EMILY RACH BEISEL: Chicago Avant Woodwind Artist/Composer To Release Second LP, Sumptuous Branching, April 10th Via Amalgam; “Cantilevers” Single, Performance Video, Preorders, Tour Dates Posted

photo by Peter Gannushkin

Soloist EMILY RACH BEISEL unveils the details of her alluring and introspective second album, Sumptuous Branching, through Chicago’s avant/exploratory label Amalgam in April.

EMILY RACH BEISEL is a Chicago-based improviser, composer, educator, curator, and woodwind specialist. Known for visceral performances, blending extended vocal and instrumental techniques with analogue electronics, their music centers on the bass clarinet and incorporates voice, electronics, extended techniques, and other wind instruments creating a complex and nuanced soundscape in which the origins of sounds are often obscured. A Jazz Noise wrote, “heavy stuff, sounds retrieved from the deeper places… BEISEL pokes around in the sonic depths and brings leviathans out to play.” BEISEL holds a Master of Music degree from Northwestern University, is a member of the American Federation of Musicians Local 10-208 and is honored to be a 2024 3Arts Awardee in Music.

Sumptuous Branching sees EMILY RACH BEISEL performing all music, with bass clarinet, vocals, piccolo, and electronics coalescing in a singular, intriguing, somewhat theatrical flow. The album was recorded at Marmalade in Chicago by Bill Harris, mixed by Harris and BEISEL, mastered by Edward Hamel, and completed with artwork by mrfox.img and design by Harris and BEISEL.

With the first preview of the album, “Cantilevers,” BEISEL writes, “It’s impossible to escape thinking about architecture with chant – it is designed to exist in cavernous, resonant spaces. The first single from Sumptuous Branching is named after cantilevers, structures that stretch outward without support at their far end.
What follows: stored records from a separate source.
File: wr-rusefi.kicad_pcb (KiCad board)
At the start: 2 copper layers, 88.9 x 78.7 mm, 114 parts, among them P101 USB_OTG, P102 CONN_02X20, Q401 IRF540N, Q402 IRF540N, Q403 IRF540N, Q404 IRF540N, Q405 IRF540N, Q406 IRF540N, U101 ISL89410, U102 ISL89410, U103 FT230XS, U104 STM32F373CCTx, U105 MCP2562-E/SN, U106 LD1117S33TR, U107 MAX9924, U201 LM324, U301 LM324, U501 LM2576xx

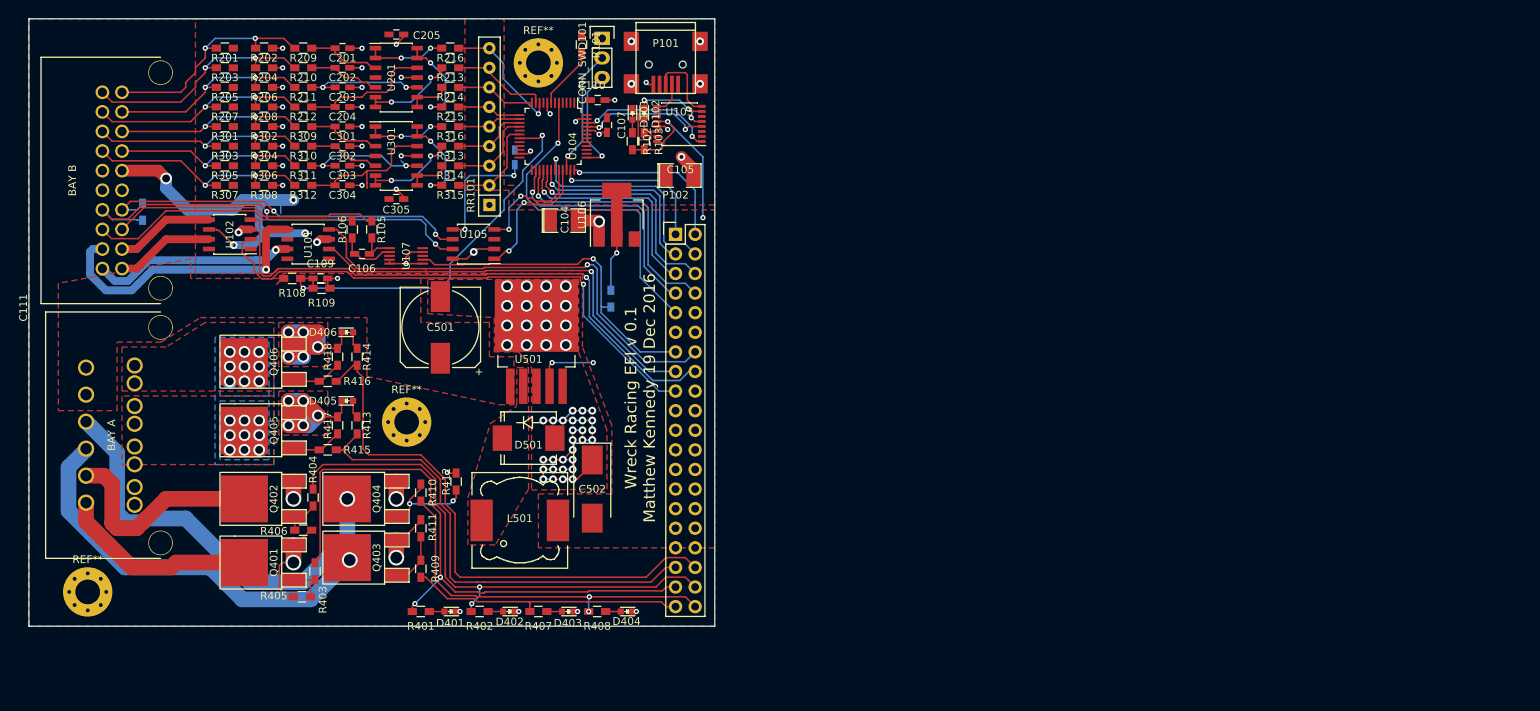
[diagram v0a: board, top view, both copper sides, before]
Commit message: Rework most of board for rusefi
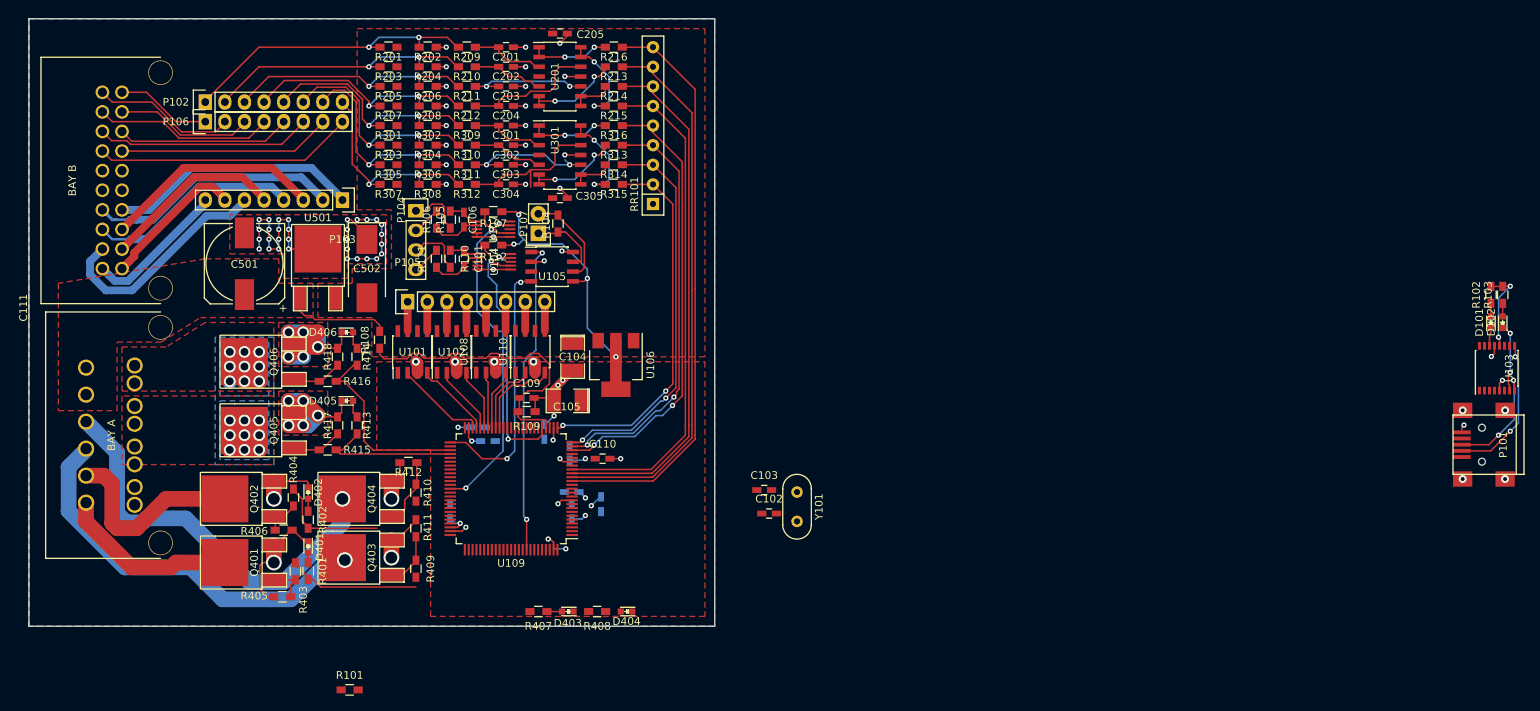
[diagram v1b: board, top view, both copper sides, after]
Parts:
- removed CONN_SWD101: CONN_01X03, Pin_Headers:Pin_Header_Straight_1x03
- removed D501: D_Schottky, Diodes_SMD:SMC_Standard
- removed L501: 38uH, Choke_SMD:Choke_SMD_12x12mm_h6mm
- removed REF** (x3): MountingHole_3.2mm_M3_Pad_Via, Mounting_Holes:MountingHole_3.2mm_M3_Pad_Via
- removed REF***: KiCad-Logo2_12mm_SilkScreen, Symbols:KiCad-Logo2_12mm_SilkScreen
- removed REF***: OSHW-Logo_11.4x12mm_SilkScreen, Symbols:OSHW-Logo_11.4x12mm_SilkScreen
- added C101: 1nF, Capacitors_SMD:C_0603_HandSoldering, F.Cu at (125.0, 83.8)
- added C102: 20pF, Capacitors_SMD:C_0603_HandSoldering, F.Cu at (164.5, 116.8)
- added C103: 20pF, Capacitors_SMD:C_0603_HandSoldering, F.Cu at (163.9, 113.8)
- added C112: 2.2uF, Capacitors_SMD:C_0603_HandSoldering, B.Cu at (128.1, 107.4)
- added C113: 2.2uF, Capacitors_SMD:C_0603_HandSoldering, B.Cu at (123.2, 116.5)
- added C114: .1uF, Capacitors_SMD:C_0603_HandSoldering, B.Cu at (135.4, 106.2)
- added C115: .1uF, Capacitors_SMD:C_0603_HandSoldering, B.Cu at (138.9, 114.0)
- added C116: .1uF, Capacitors_SMD:C_0603_HandSoldering, B.Cu at (138.9, 116.6)
- added C117: 4.7uF, Capacitors_SMD:C_0603_HandSoldering, B.Cu at (142.7, 115.6)
- added P103: CONN_01X08, Socket_Strips:Socket_Strip_Straight_1x08, F.Cu at (109.2, 76.2)
- added P104: CONN_01X04, Socket_Strips:Socket_Strip_Straight_1x04, F.Cu at (118.7, 77.6)
- added P105: CONN_01X08, Socket_Strips:Socket_Strip_Straight_1x08, F.Cu at (117.7, 89.4)
- added P106: CONN_01X08, Socket_Strips:Socket_Strip_Straight_1x08, F.Cu at (91.4, 66.0)
- added P107: CONN_01X02, Socket_Strips:Socket_Strip_Straight_1x02, F.Cu at (134.6, 80.5)
- added R110: 10k, Resistors_SMD:R_0603_HandSoldering, F.Cu at (123.2, 83.8)
- added R111: 10k, Resistors_SMD:R_0603_HandSoldering, F.Cu at (121.4, 83.8)
- added R112: 10k, Resistors_SMD:R_0603_HandSoldering, F.Cu at (128.8, 82.0)
- added U108: ISL89410, Housings_SOIC:SOIC-8_3.9x4.9mm_Pitch1.27mm, F.Cu at (128.5, 95.9)
- added U109: STM32F407VGTx, Housings_QFP:LQFP-100_14x14mm_Pitch0.5mm, F.Cu at (131.1, 113.6)
- added U110: ISL89410, Housings_SOIC:SOIC-8_3.9x4.9mm_Pitch1.27mm, F.Cu at (133.6, 95.9)
- added Y101: Crystal, Crystals:Crystal_HC52-6mm_Vertical, F.Cu at (168.1, 114.1)
- C107: moved to B.Cu
- P102: value CONN_02X20 -> CONN_01X08; footprint Pin_Headers:Pin_Header_Straight_2x20 -> Socket_Strips:Socket_Strip_Straight_1x08
- R104, R107: moved to F.Cu
- U104: value STM32F373CCTx -> MAX9924; footprint Housings_QFP:LQFP-48_7x7mm_Pitch0.5mm -> wr-efi:uMAX-10
- U501: value LM2576xx -> LM7805CT; footprint TO_SOT_Packages_SMD:TO-263-5Lead -> TO_SOT_Packages_SMD:TO-252-2Lead
- moved P101 117.8 mm to (257.8, 107.9), turned to 180 degrees
- moved D101 114.5 mm to (258.1, 92.0), turned to 90 degrees
- moved D102 114.5 mm to (259.6, 92.0), turned to 90 degrees
- moved R102 113.1 mm to (258.1, 88.5), turned to 90 degrees
- moved R103 113.1 mm to (259.6, 88.5), turned to 90 degrees
- moved U103 110.6 mm to (258.9, 98.0), turned to 90 degrees
- moved R101 88.9 mm to (110.2, 139.7), turned to 0 degrees
- moved P102 63.3 mm to (91.4, 63.5)
- moved R104 53.9 mm to (137.2, 79.2)
- moved C110 46.5 mm to (142.9, 109.7)
- moved C107 42.6 mm to (126.8, 105.7), turned to 0 degrees
- moved C502 40.9 mm to (112.4, 85.1)
- moved C108 38.9 mm to (138.7, 109.0)
- moved C105 32.6 mm to (138.4, 102.2), turned to 180 degrees
- moved U102 32.6 mm to (123.4, 95.9), turned to 90 degrees
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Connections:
- C111 pad 11: IGN_A_OUT -> Net-(C111-Pad11)
- C111 pad 12: IGN_B_OUT -> Net-(C111-Pad12)
- C111 pad 13: VR- -> Net-(C111-Pad13)
- C111 pad 14: CANH -> Net-(C111-Pad14)
- C111 pad 17: AIN7 -> Net-(C111-Pad17)
- C111 pad 18: AIN5 -> Net-(C111-Pad18)
- C111 pad 19: AIN3 -> Net-(C111-Pad19)
- C111 pad 20: AIN1 -> Net-(C111-Pad20)
- C111 pad 21: IGN_C_OUT -> Net-(C111-Pad21)
- C111 pad 22: IGN_D_OUT -> Net-(C111-Pad22)
- C111 pad 23: VR+ -> Net-(C111-Pad23)
- C111 pad 24: CANL -> Net-(C111-Pad24)
- C111 pad 27: AIN6 -> Net-(C111-Pad27)
- C111 pad 28: AIN4 -> Net-(C111-Pad28)
- C111 pad 29: AIN2 -> Net-(C111-Pad29)
- C111 pad 30: AIN0 -> Net-(C111-Pad30)
- P102 pad 1: FPGA_G2 -> AIN0
- P102 pad 2: FPGA_G1 -> AIN1
- P102 pad 3: FPGA_G4 -> AIN2
- P102 pad 4: FPGA_G3 -> AIN3
- P102 pad 5: FPGA_SCK -> AIN4
- P102 pad 6: FPGA_G5 -> AIN5
- P102 pad 7: FPGA_MISO -> AIN6
- P102 pad 8: FPGA_MOSI -> AIN7
- R105 pad 2: VR+ -> VR1+
- R106 pad 2: VR- -> VR1-
- R107 pad 1: VRIN -> VRIN1
- U104 pad 1: +3V3 -> Net-(C101-Pad1)
- U104 pad 10: a0 -> +5V
- U104 pad 4: Net-(U104-Pad4) -> GND
- U104 pad 5: FPGA_MCU_CLK -> GND
- U104 pad 6: Net-(U104-Pad6) -> GND
- U104 pad 7: Net-(R101-Pad2) -> VRIN2
- U104 pad 8: GND -> Net-(U104-Pad8)
- U104 pad 9: +3V3 -> GND
- U107 pad 7: VRIN -> VRIN1
- U501 pad 2: Net-(D501-Pad1) -> GND
- U501 pad 3: GND -> +5V
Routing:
- net +5V: track 82.7 -> 10.9 mm, vias 8 -> 2
- net IGN_D_IN: track 74.3 -> 8.08 mm, vias 1 -> 0
- net IGN_C_IN: track 70.2 -> 8.93 mm, vias 1 -> 0
- net ls_1: track 77.9 -> 17.5 mm, vias 2 -> 0
- net a1: track 12.8 -> 71.8 mm
- net a0: track 16.6 -> 75.4 mm, vias 1 -> 0
- net a2: track 10.3 -> 68.4 mm
- net a3: track 8.32 -> 64.9 mm
- net ls_2: track 69.9 -> 14.8 mm, vias 2 -> 0
- net IGN_B_IN: track 60.3 -> 10.2 mm, vias 1 -> 0
- net a4: track 8.29 -> 57.8 mm, vias 0 -> 2
- net ls_4: track 48.0 -> 0.00 mm, vias 2 -> 0
- net INJ_B_IN: track 72.7 -> 25.2 mm
- net CANH: track 56.1 -> 9.31 mm, vias 2 -> 0
- net VRIN1: track 0.00 -> 45.5 mm, vias 0 -> 2
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- removed copper zone on F.Cu, net Net-(D501-Pad1)
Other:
- board text removed: "Wreck Racing EFI v 0.1 Matthew Kennedy 19 Dec 2016"

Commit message: Board mostly complete
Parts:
- added P108: USB_OTG, Connect:USB_Mini-B, F.Cu at (152.1, 124.3)
- added P109: CONN_01X02, Socket_Strips:Socket_Strip_Straight_1x02, F.Cu at (126.0, 126.7)
- added P110: CONN_01X06, Socket_Strips:Socket_Strip_Straight_1x06, F.Cu at (119.6, 129.3)
- added R113: 10k, Resistors_SMD:R_0603_HandSoldering, F.Cu at (128.5, 125.6)
- C102, C103, R101: moved to B.Cu
- Y101: footprint Crystals:Crystal_HC52-6mm_Vertical -> Crystals:Crystal_HC49-U_Vertical
- moved D102 130.8 mm to (132.9, 124.2), turned to 0 degrees
- moved D101 129.7 mm to (132.9, 125.7), turned to 0 degrees
- moved R103 128.4 mm to (136.3, 124.2), turned to 0 degrees
- moved R102 127.4 mm to (136.3, 125.7), turned to 0 degrees
- moved U103 119.7 mm to (142.2, 125.0), turned to 180 degrees
- moved P101 105.2 mm to (152.7, 112.9)
- moved R101 43.4 mm to (142.2, 110.5), turned to 270 degrees
- moved D404 40.7 mm to (110.2, 110.2), turned to 0 degrees
- moved R408 34.6 mm to (113.5, 110.2), turned to 0 degrees
- moved Y101 24.6 mm to (143.5, 113.8)
- moved C102 22.9 mm to (141.7, 118.9), turned to 90 degrees
- moved C103 22.2 mm to (141.7, 114.8), turned to 270 degrees
- moved D403 20.6 mm to (119.9, 120.7), turned to 270 degrees
- moved R407 15.8 mm to (119.9, 124.0), turned to 270 degrees
- moved C117 9.11 mm to (135.7, 121.4), turned to 180 degrees
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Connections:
- R101 pad 2: Net-(R101-Pad2) -> NRST
- U109 pad 14: Net-(U109-Pad14) -> NRST
- U109 pad 55: ls_1 -> ls_4
- U109 pad 58: ls_4 -> ls_1
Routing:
- net +5V: track 10.9 -> 88.9 mm, vias 2 -> 3
- net Net-(P108-Pad1): track 0.00 -> 44.0 mm
- net NRST: track 0.00 -> 43.6 mm, vias 0 -> 2
- net Net-(P108-Pad2): track 0.00 -> 42.7 mm
- net Net-(P108-Pad3): track 0.00 -> 41.5 mm
- net ftdi_rx: track 0.00 -> 25.2 mm, vias 0 -> 2
- net ftdi_tx: track 0.00 -> 23.4 mm, vias 0 -> 2
- net Net-(P110-Pad4): track 0.00 -> 20.0 mm, vias 0 -> 2
- net ls_3: track 0.00 -> 18.9 mm
- net ls_1: track 17.5 -> 36.2 mm
- net ls_2: track 14.8 -> 31.3 mm
- net ls_4: track 0.00 -> 15.3 mm
- net Net-(P110-Pad2): track 0.00 -> 13.2 mm, vias 0 -> 2
- net Net-(P109-Pad1): track 0.00 -> 11.8 mm, vias 0 -> 2
- net GND: track 191.5 -> 201.3 mm, vias 90 -> 97
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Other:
- rule trace_min: 0.1524 -> 0.2032

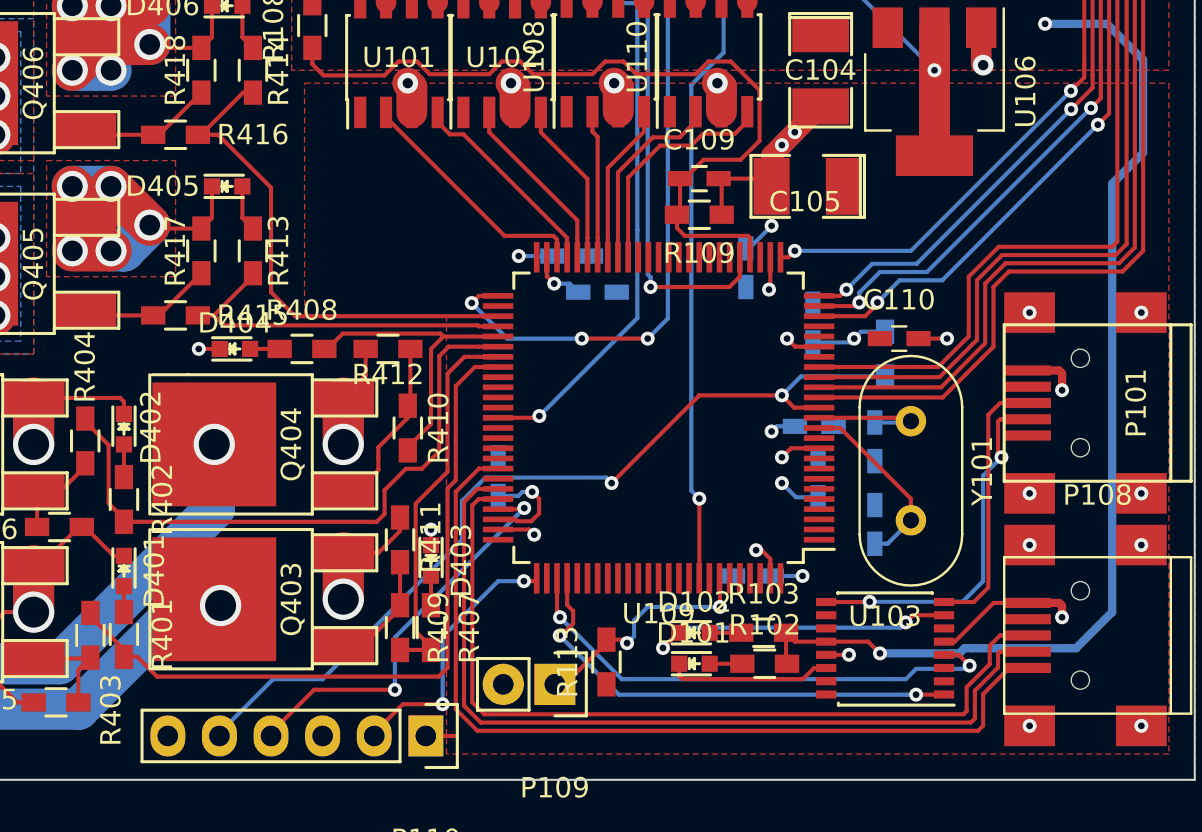
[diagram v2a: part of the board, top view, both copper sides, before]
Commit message: Add debug LEDs, power via 2nd USB
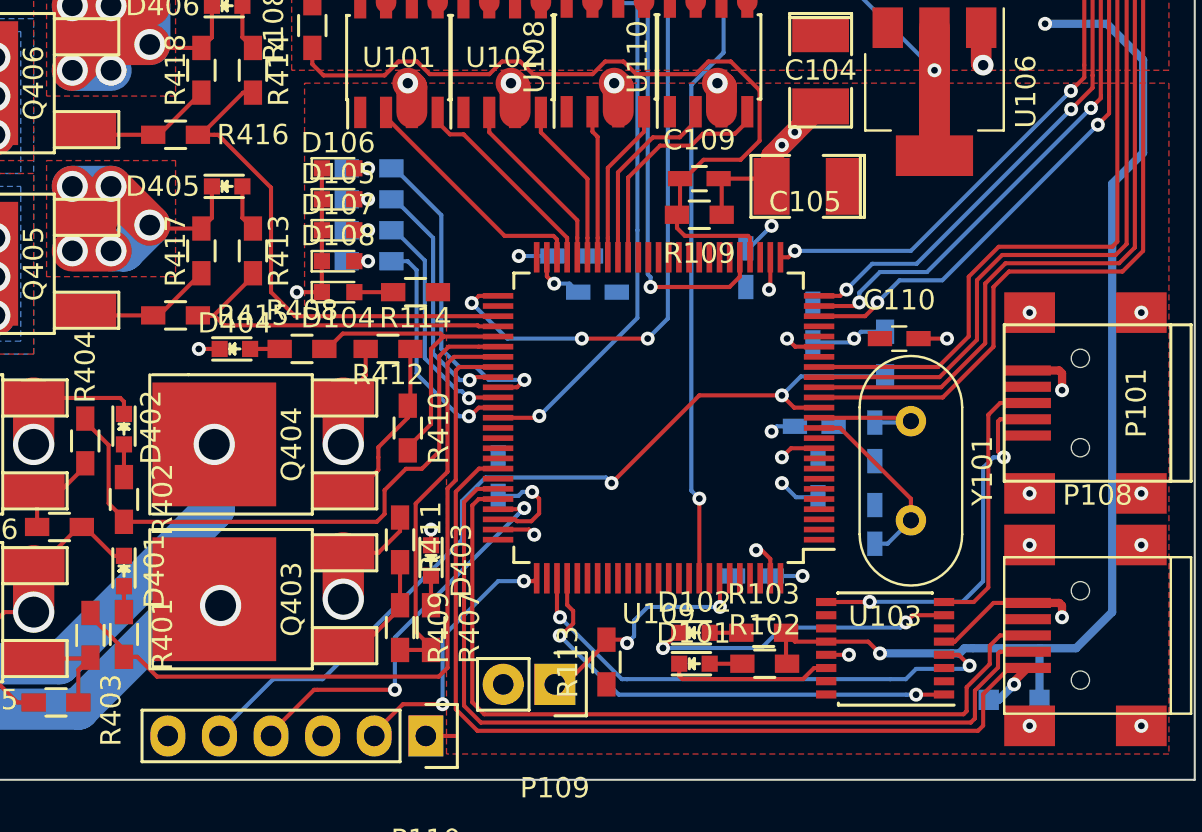
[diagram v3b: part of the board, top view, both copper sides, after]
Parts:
- added D103: PMEG2010EA, Diodes_SMD:D_SOD-323_HandSoldering, B.Cu at (148.6, 127.5)
- added D104: LED, LEDs:LED_0603, F.Cu at (115.3, 107.4)
- added D105: LED, LEDs:LED_0603, F.Cu at (115.3, 102.9)
- added D106: LED, LEDs:LED_0603, F.Cu at (115.3, 101.3)
- added D107: LED, LEDs:LED_0603, F.Cu at (115.3, 104.4)
- added D108: LED, LEDs:LED_0603, F.Cu at (115.3, 105.9)
- added R114: 1k, Resistors_SMD:R_0603_HandSoldering, F.Cu at (119.1, 107.4)
- added R115: 1k, Resistors_SMD:R_0603_HandSoldering, B.Cu at (116.8, 102.9)
- added R116: 1k, Resistors_SMD:R_0603_HandSoldering, B.Cu at (116.8, 101.3)
- added R117: 1k, Resistors_SMD:R_0603_HandSoldering, B.Cu at (116.8, 104.4)
- added R118: 1k, Resistors_SMD:R_0603_HandSoldering, B.Cu at (116.8, 105.9)
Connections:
- U109 pad 59: Net-(U109-Pad59) -> PD12
- U109 pad 60: Net-(U109-Pad60) -> PD13
- U109 pad 61: Net-(U109-Pad61) -> PD14
- U109 pad 62: Net-(U109-Pad62) -> PD15
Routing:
- net PD13: track 0.00 -> 16.2 mm, vias 0 -> 1
- net PD12: track 0.00 -> 12.3 mm, vias 0 -> 1
- net PD15: track 0.00 -> 11.6 mm, vias 0 -> 1
- net PD14: track 0.00 -> 11.5 mm, vias 0 -> 1
- net GND: track 201.3 -> 208.6 mm, vias 97 -> 98
- net Net-(D103-Pad2): track 44.0 -> 46.7 mm, vias 0 -> 1
- net +5V: track 88.9 -> 91.5 mm
- net Net-(D104-Pad2): track 0.00 -> 1.91 mm
- net Net-(D108-Pad2): track 0.00 -> 1.73 mm, vias 0 -> 1
- net Net-(D107-Pad2): track 0.00 -> 1.73 mm, vias 0 -> 1
- net Net-(D106-Pad2): track 0.00 -> 1.73 mm, vias 0 -> 1
- net Net-(D105-Pad2): track 0.00 -> 1.73 mm, vias 0 -> 1
- net ls_out_4: track 54.5 -> 53.2 mm

While working on this, I was reading Mark Z. Danielewski’s House Of Leaves and thinking about the structural impossibility of the book’s labyrinth and its endless repetition. The track takes the form of layered lines that stretch forward and overlap but never resolve at a single point of arrival; there is no shared endpoint where they meet. For me, this resonates with chant: voices that may begin together but continue along their own trajectories. A kind of chant that doesn’t loop back on itself, does not end.”

EMILY RACH BEISEL’s “Cantilevers” is now streaming at Bandcamp HERE and an intimate performance video of the track is playing on YouTube HERE.

Sumptuous Branching will be issued on LP and digital platforms through Amalgam on April 10th. Find preorders at Bandcamp HERE and the label webshop HERE.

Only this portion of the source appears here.